Multiple cost-effectiveness analyses have demonstrated that AI-assisted colonoscopy is a cost-effective strategy for colorectal cancer screening. For example, a Canadian study found that the incremental cost-effectiveness ratio for AI-assisted colonoscopy was dominant, meaning that it was both more effective and less costly than conventional colonoscopy[60]. Similarly, an Italian study reported that the implementation of AI systems resulted in cost savings per patient, primarily due to the reduced costs associated with colorectal cancer care[53]. AI-assisted surveillance programs can optimize the colonoscopy capacity by reducing the number of procedures required for low-risk patients.

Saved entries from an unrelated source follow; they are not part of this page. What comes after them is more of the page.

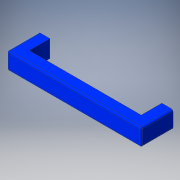
# Autodesk Inventor part: Bumper
Saved by Autodesk Inventor 2016 (Build 200138000, 138)
## iProperties
Created: 2017-01-28
Part Number: Bumper
Material: Generic
Document SubType Name: Modeling
Designer: hamblettk
Density: 1 g/cm^3
Appearance: Default
Author: hamblettk
Autodesk Inventor part; units mm, degrees
ref_plane "YZ Plane" through (0, 0, 0) normal (1, 0, 0) x (0, 1, 0)
ref_plane "XZ Plane" through (0, 0, 0) normal (0, 1, 0) x (-1, 0, 0)
ref_plane "XY Plane" through (0, 0, 0) normal (0, 0, 1) x (1, 0, 0)
sketch "Sketch1" plane through (0, 0, 0) normal (0, 1, 0) x (-1, 0, 0)
  line L0 (0, 0) -> (825.5, 0)
  line L1 (825.5, 0) -> (825.5, -152.4)
  line L2 (825.5, -152.4) -> (908.05, -152.4)
  line L3 (908.05, -152.4) -> (908.05, 82.55)
  line L4 (0, 0) -> (0, -152.4)
  line L5 (0, -152.4) -> (-82.55, -152.4)
  line L6 (-82.55, -152.4) -> (-82.55, 82.55)
  line L7 (-82.55, 82.55) -> (908.05, 82.55)
  dimension "d0" = 825.5
  dimension "d1" = 152.4
  dimension "d2" = 82.55
  dimension "d3" = 234.95
  dimension "d4" = 152.4
  dimension "d5" = 82.55
  dimension "d6" = 234.95
  constraints: 16 end point, 4 perpendicular, 2 vertical, 1 horizontal
  measures "d0" distance of L0.start L0.end
  measures "d1" distance of L0.end L1.end
  measures "d2" distance of L1.end L2.end
  measures "d3" distance of L2.end L3.end
  measures "d4" distance of L0.start L4.end
  measures "d5" distance of L4.end L5.end
  measures "d6" distance of L5.end L6.end
extrude "Extrusion1" add sketch "Sketch1" along normal blind 127
fillet "Fillet1" radius 12.7 8 edges at (-412.75, 127, 82.55) (82.55, 127, -34.925) (82.55, 0, -34.925) (82.55, 63.5, 82.55) (-412.75, 0, 82.55) (-908.05, 0, -34.925) (-908.05, 63.5, 82.55) (-908.05, 127, -34.925)
body "Solid1"

Personalized risk stratification based on polyp characteristics and patient risk factors allows for tailored surveillance intervals (increased or shortened) and is cost-effective[61]. This approach not only reduces healthcare costs but also alleviates the burden on endoscopic resources, making screening programs more scalable, especially in low-income and middle-income countries[54]. The study performed by Shi et al[1] is the first in which the ML algorithm was developed and validated for personalized surveillance. Only further studies can demonstrate whether it is cost-effective compared with existing surveillance programs. There are two possible scenarios: In countries such as China or Japan, where shorter intervals for colonoscopy after polyp removal are usually recommend ML-based surveillance programs may reduce the number of unnecessary colonoscopies. In contrast, in the United States and EU, where longer intervals for surveillance or even allocation of low-risk patients into screening programs are recommended, ML-based surveillance programs may achieve cost efficacy by decreasing colon cancer incidence due to a higher rate of detection of recurrent polyps. Despite the promising cost-effectiveness of AI-assisted screening and surveillance programs, several challenges remain. The high upfront costs of AI systems and the lack of reimbursement frameworks in many healthcare systems pose significant barriers to their widespread adoption[62]. Additionally, the long-term clinical benefits of AI in reducing colorectal cancer incidence and mortality have not yet been fully established, necessitating further research to validate its impact.